Our van was uprated from 3.5t to 3.85t. We are now having airide fitted to help with a grounding problem with our long overhang.

Does the uprating affect the bump stops which, I believe, are then removed to fit the airide?


----------



## tonka (Apr 24, 2006)

Your right, The bump stops are taken off and the air bags fit in their place.
We had ours done last year to enable a gross weight increase.
The Improvement in ride and body roll was noticable straight away.


----------



## jiwawa (Jun 22, 2007)

Thanks Tonka - so the weight uprate won't be compromised by the removal of the bumpstops and fitting of airide bags?


----------



## tonka (Apr 24, 2006)

JWW said:


> Thanks Tonka - so the weight uprate won't be compromised by the removal of the bumpstops and fitting of Airide bags?

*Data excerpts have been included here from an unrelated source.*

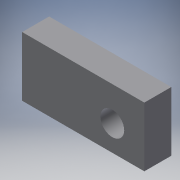
# Autodesk Inventor part: Fixer
Saved by Autodesk Inventor 2019 (Build 230136000, 136)
## iProperties
Created: 2021-11-07
Part Number: Fixer
Material: Generic
Document SubType Name: Modeling
Designer: Mohamed Teleb
Density: 1 g/cm^3
Appearance: Default
Author: Mohamed Teleb
Autodesk Inventor part; units mm, degrees
ref_plane "YZ Plane" through (0, 0, 0) normal (1, 0, 0) x (0, 1, 0)
ref_plane "XZ Plane" through (0, 0, 0) normal (0, 1, 0) x (-1, 0, 0)
ref_plane "XY Plane" through (0, 0, 0) normal (0, 0, 1) x (1, 0, 0)
sketch "Sketch1" plane through (0, 0, 0) normal (0, 0, 1) x (1, 0, 0)
  line L0 (-21.2538, 6.4099) -> (9.5462, 6.4099)
  line L1 (9.5462, 6.4099) -> (9.5462, -8.5901)
  line L2 (9.5462, -8.5901) -> (-21.2538, -8.5901)
  line L3 (-21.2538, -8.5901) -> (-21.2538, 6.4099)
  line L4 (1.0462, -38.9134) -> (26.8462, -38.9134)
  line L5 (-4.9538, -50.9134) -> (0.0462, -50.9134)
  point P0 (0, 0)
  dimension "d0" = 30.8
  dimension "d1" = 15
  dimension "d8" = 25.8
  dimension "d9" = 5
  constraints: 12 end point, 3 horizontal, 2 parallel, 1 perpendicular, 4 other
  measures "d0" distance of L1.end L2.end
  measures "d1" distance of L0.end L1.end
  measures "d8" distance of L4.start L4.end
  measures "d9" distance of L5.start L5.end
extrude "Extrusion1" add sketch "Sketch1" along normal blind 6.8
sketch "Sketch2" plane through (0, 0, 6.8) normal (0, 0, 1) x (1, 0, 0)
  circle A0 centre (1.4656, -2.1794) radius 3 projected
  circle A1 centre (1.4656, -2.1794) radius 3
  point P0 (0, 0)
  constraints: 1 centre point, 1 coincident, 1 concentric
extrude "Extrusion2" cut sketch "Sketch2" against normal blind 14
sketch "Sketch3" plane through (0, 0, 0) normal (0, 0, -1) x (-1, 0, 0)
  line L0 (5.4538, -4.4054) -> (8.8538, -4.4054) projected
  line L1 (5.4538, 2.5946) -> (8.8538, 2.5946) projected
  line L2 (8.8538, 84.2919) -> (8.8538, -65.7081) projected
  line L3 (5.4538, -4.4054) -> (8.8538, -4.4054)
  line L4 (8.8538, -4.4054) -> (8.8538, 2.5946)
  line L5 (8.8538, 2.5946) -> (5.4538, 2.5946)
  line L6 (5.4538, 2.5946) -> (5.4538, -4.4054)
  point P0 (0, 0)
  constraints: 8 end point, 2 parallel, 1 horizontal, 1 perpendicular
extrude "Extrusion3" add sketch "Sketch3" against normal blind 3.4
sketch "Sketch4" plane through (-21.2538, -8.5901, 0) normal (-1, 0, 0) x (0, 0, 1)
  line L0 (3.4, 2.3591) -> (0, 2.3591)
  line L1 (3.4, 9.3591) -> (3.4, 2.3591)
  line L2 (3.4, 2.3591) -> (0, 2.3591)
  line L3 (0, 2.3591) -> (0, 9.3591)
  line L4 (0, 9.3591) -> (3.4, 9.3591)
  line L5 (3.4, 9.3591) -> (3.4, 2.3591)
  point P0 (0, 8.5901)
  constraints: 12 end point, 2 horizontal, 2 parallel, 1 perpendicular, 1 vertical, 3 other
extrude "Extrusion4" add sketch "Sketch4" along normal blind 3.4
equation "\"d0\" = d8 + d9"
body "Solid1"
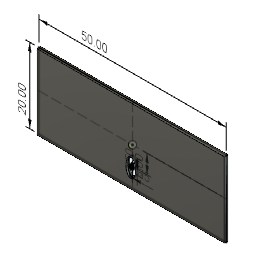
Table_17p1_Problem_11 (Autodesk Fusion 360 design; units mm, degrees)
Autodesk Fusion 360 part; units mm, degrees
sketch "Sketch1" plane through (0, 0, 0) normal (0, 0, 1) x (1, 0, 0)
  line L0 (-250, 100) -> (250, 100)
  line L1 (250, 100) -> (250, -100)
  line L2 (250, -100) -> (-250, -100)
  line L3 (-250, -100) -> (-250, 100)
  line L4 (0, 100) -> (0, -100) construction
  line L5 (-250, 0) -> (250, 0) construction
  ellipse E0 centre (0, -50) end of major axis (0, -25) minor radius 12.5
  line L6 (0, -75) -> (0, -25)
  line L7 (12.5, -50) -> (-12.5, -50)
  dimension "Major_Radius" = 25
  dimension "Minor_Radius" = 12.5
  dimension "Total_Width" = 500
  dimension "Total_Height" = 200
  dimension "Hole_Offset" = 50
  constraint horizontal L0
  constraint vertical L1
  constraint horizontal L2
  constraint vertical L3
  constraint midpoint L0 L4.start
  constraint midpoint L2 L4.end
  constraint midpoint L3 L5.start
  constraint midpoint L1 L5.end
  constraint coincident origin L5
  constraint coincident origin L4
  constraint perpendicular L5 L6
  constraint coincident E0 L6.start
  constraint coincident E0 L6.end
  constraint coincident E0 L7.start
  constraint coincident E0 L7.end
  constraint coincident L4 E0.centre
  measures "Major_Radius" distance of E0
  measures "Total_Width" distance of L0.start L0.end
  measures "Total_Height" distance of L0.start L2.end
  measures "Hole_Offset" distance of L5 L7
extrude "Extrude1" add sketch "Sketch1" along normal mid plane 10
equation "Thickness = 1 cm"
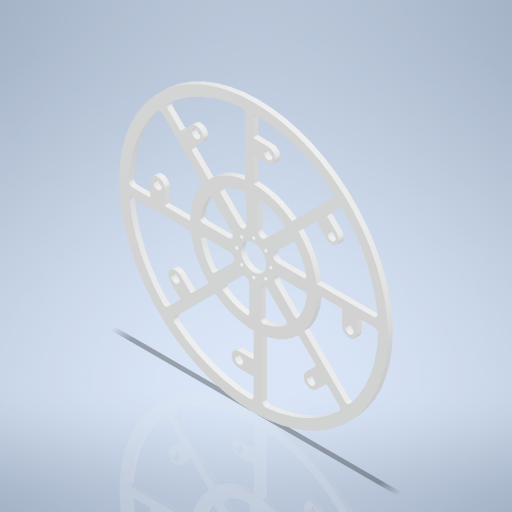
# Autodesk Inventor part: 211
Saved by Autodesk Inventor 2024 (Build 280153000, 153)
## iProperties
Created: 2024-06-10
Part Number: 211
Material: Aluminium 6061
Document SubType Name: Modeling
Designer: ffogue
Density: 2.7 g/cm^3
Appearance: Aluminium - flach
Author: ffogue
Autodesk Inventor part; units mm, degrees
ref_plane "YZ Plane" through (0, 0, 0) normal (1, 0, 0) x (0, 1, 0)
ref_plane "XZ Plane" through (0, 0, 0) normal (0, 1, 0) x (-1, 0, 0)
ref_plane "XY Plane" through (0, 0, 0) normal (0, 0, 1) x (1, 0, 0)
sketch "Skizze1" plane through (0, 0, 0) normal (0, 1, 0) x (-1, 0, 0)
  circle A0 centre (0, 0) radius 110
  dimension "d0" = 220
  constraints: 1 centre point, 1 coincident
  measures "d0" diameter of A0
extrude "Extrusion1" add sketch "Skizze1" along normal blind 4
sketch "Skizze2" plane through (0, 0, 0) normal (0, -1, 0) x (1, 0, 0)
  arc A0 (-7, 101.7595) -> (-72.1249, 72.1249) centre (0, 0) ccw
  circle A1 centre (0, 0) radius 110 projected
  line L0 (-7, 51.5267) -> (-7, 101.7595)
  arc A2 (-7, 51.5267) -> (-36.7696, 36.7696) centre (0, 0) ccw
  line L1 (-36.7696, 36.7696) -> (-72.1249, 72.1249)
  line L2 (0, 0) -> (-110, 0) construction
  dimension "d4" = 7
  dimension "d6" = 45
  dimension "d9" = 8
  dimension "d10" = 50
  dimension "d11" = 50
  constraints: 6 end point, 4 point on circle, 2 centre point, 1 coincident, 1 horizontal, 1 horizontal alignment, 1 vertical, 2 other
  measures "d4" distance from line of point (0, 0) L0
  measures "d6" angle of L2 L1
  measures "d10" radial gap between concentric circles of A2 A0
  measures "d11" distance of L1.start L1.end
extrude "Extrusion2" cut sketch "Skizze2" against normal up to surface (4 mm away) contours L0 A2 L1 A0
pattern_circular "Runde Anordnung1" count 8 over 360 about axis through (0, 0, 0) along (0, 1, 0) of "Extrusion2"
sketch "Skizze3" plane through (0, 0, 0) normal (0, -1, 0) x (1, 0, 0)
  circle A0 centre (0, 0) radius 10.5
  dimension "d17" = 21
  constraints: 1 centre point, 1 coincident
  measures "d17" diameter of A0
extrude "Extrusion3" cut sketch "Skizze3" against normal up to surface (4 mm away)
sketch "Skizze5" plane through (0, 0, 0) normal (0, -1, 0) x (1, 0, 0)
  circle A0 centre (0, 0) radius 14 construction
  point P0 (0, 14)
  dimension "d20" = 28
  constraints: 2 vertical alignment, 1 coincident, 2 other
hole "Bohrung1" at (0, 0, 14) direction (0, 1, 0) diameter 3 end through all
pattern_circular "Runde Anordnung2" count 8 over 360 about axis through (0, 0, 0) along (0, 1, 0) of "Bohrung1"
sketch "Skizze6" plane through (0, 0, 0) normal (0, -1, 0) x (1, 0, 0)
  circle A0 centre (0, 0) radius 21.5 construction
  arc A1 (-35.0188, 26.6399) -> (-43.8606, 3.5) centre (0, 0) ccw
  arc A2 (-7, 51.5267) -> (-36.7696, 36.7696) centre (0, 0) ccw projected
  line L0 (-35.0188, 26.6399) -> (-17.8537, 9.4749)
  line L1 (0, 0) -> (0, 61.7697) construction
  line L2 (0, 52) -> (0, 102) projected
  line L3 (-43.8606, 3.5) -> (-20.3286, 3.5)
  arc A3 (-20.3286, 3.5) -> (-17.8537, 9.4749) centre (-20.3286, 7) ccw
  line L4 (-76.9046, 67.0051) -> (-41.3846, 31.4851) projected
  line L5 (-7, 101.7595) -> (-7, 51.5267) projected
  line L6 (-36.7696, 36.7696) -> (-72.1249, 72.1249) projected
  dimension "d31" = 43
  dimension "d33" = 44
  dimension "d34" = 3.5
  dimension "d35" = 3.5
  constraints: 6 end point, 4 point on circle, 2 centre point, 2 parallel, 2 tangent, 1 coincident, 1 concentric, 1 point on line, 3 other
  measures "d33" radius of A1
  measures "d34" distance from line of point (0, 0) L3
  measures "d35" radius of A3
extrude "Extrusion4" cut sketch "Skizze6" against normal up to surface (4 mm away)
fillet "Rundung1" radius 2 2 edges at (-43.8606, 2, 3.5) (-35.0188, 2, 26.6399)
pattern_circular "Runde Anordnung3" count 8 over 360 about axis through (0, 0, 0) along (0, 1, 0) of "Extrusion4", "Rundung1"
fillet "Rundung2" radius 3 2 edges at (0, 2, -102) (-67.0051, 2, -76.9046)
pattern_circular "Runde Anordnung4" count 8 over 360 about axis through (0, 0, 0) along (0, 1, 0) of "Rundung2"
sketch "Skizze7" plane through (0, 0, 0) normal (0, -1, 0) x (1, 0, 0)
  line L0 (0, 98.9545) -> (0, 52) projected
  line L1 (0, 84.5) -> (12, 84.5)
  arc A0 (12, 72.5) -> (12, 84.5) centre (12, 78.5) ccw
  line L2 (12, 72.5) -> (0, 72.5)
  circle A1 centre (12, 78.5) radius 3.5
  point P0 (0, 0)
  dimension "d46" = 6
  dimension "d47" = 78.5
  dimension "d48" = 12
  dimension "d49" = 7
  constraints: 4 end point, 2 centre point, 2 point on circle, 2 point on line, 2 tangent, 1 coincident, 1 horizontal, 1 parallel
  measures "d46" radius of A0
  measures "d47" vertical distance of point (0, 0) A0.centre
  measures "d48" distance from line of L0 A0.centre
  measures "d49" diameter of A1
extrude "Extrusion5" add sketch "Skizze7" against normal up to surface (4 mm away)
fillet "Rundung3" radius 1 2 edges at (0, 2, 72.5) (0, 2, 84.5)
pattern_circular "Runde Anordnung5" count 8 over 360 about axis through (0, 0, 0) along (0, 1, 0) of "Extrusion5", "Rundung3"

I would not think so.. I needed to have air ride fitted to be able to upgrade, so if anything it's an added benefit...
You could always check with whoever did the weight upgrade, if it was SVTECH then maybe just drop them an email..


----------



## DTPCHEMICALS (Jul 24, 2006)

Airide will be a great improvement.
the system fits in place of the bump stops.

i fitted mine to improve stability.
You have to play around with pressure to see what wsuits you best.

As son in law drives our mh and passed his driving test after 1997 I did not bother with re plating or he would not have been allowed to drive.

Dave p


----------



## rayc (Jun 3, 2008)

JWW said:


> Thanks Tonka - so the weight uprate won't be compromised by the removal of the bumpstops and fitting of Airide bags?


When I ask SV about upgrading my 3.5t they said I could have 3,700kg with no mods and 3,850kg with Airides fitted. Thefore it appears to me that by replacing the bump stops and replacing with airides that you have not compromised the weight uprate but improved on it.


----------



## jiwawa (Jun 22, 2007)

My mechanic confirmed that the airide does not compromise the weight upgrade.

I found the ride home greatly improved though I hadn't been aware it was bad.

I used to come out of a roundabout, pulling the tailend with me by sheer will-power. Now it feels as if I'm just driving the cab with no tailend at all! Great!

Whether it helps with the grounding problem will remain to be seen!


----------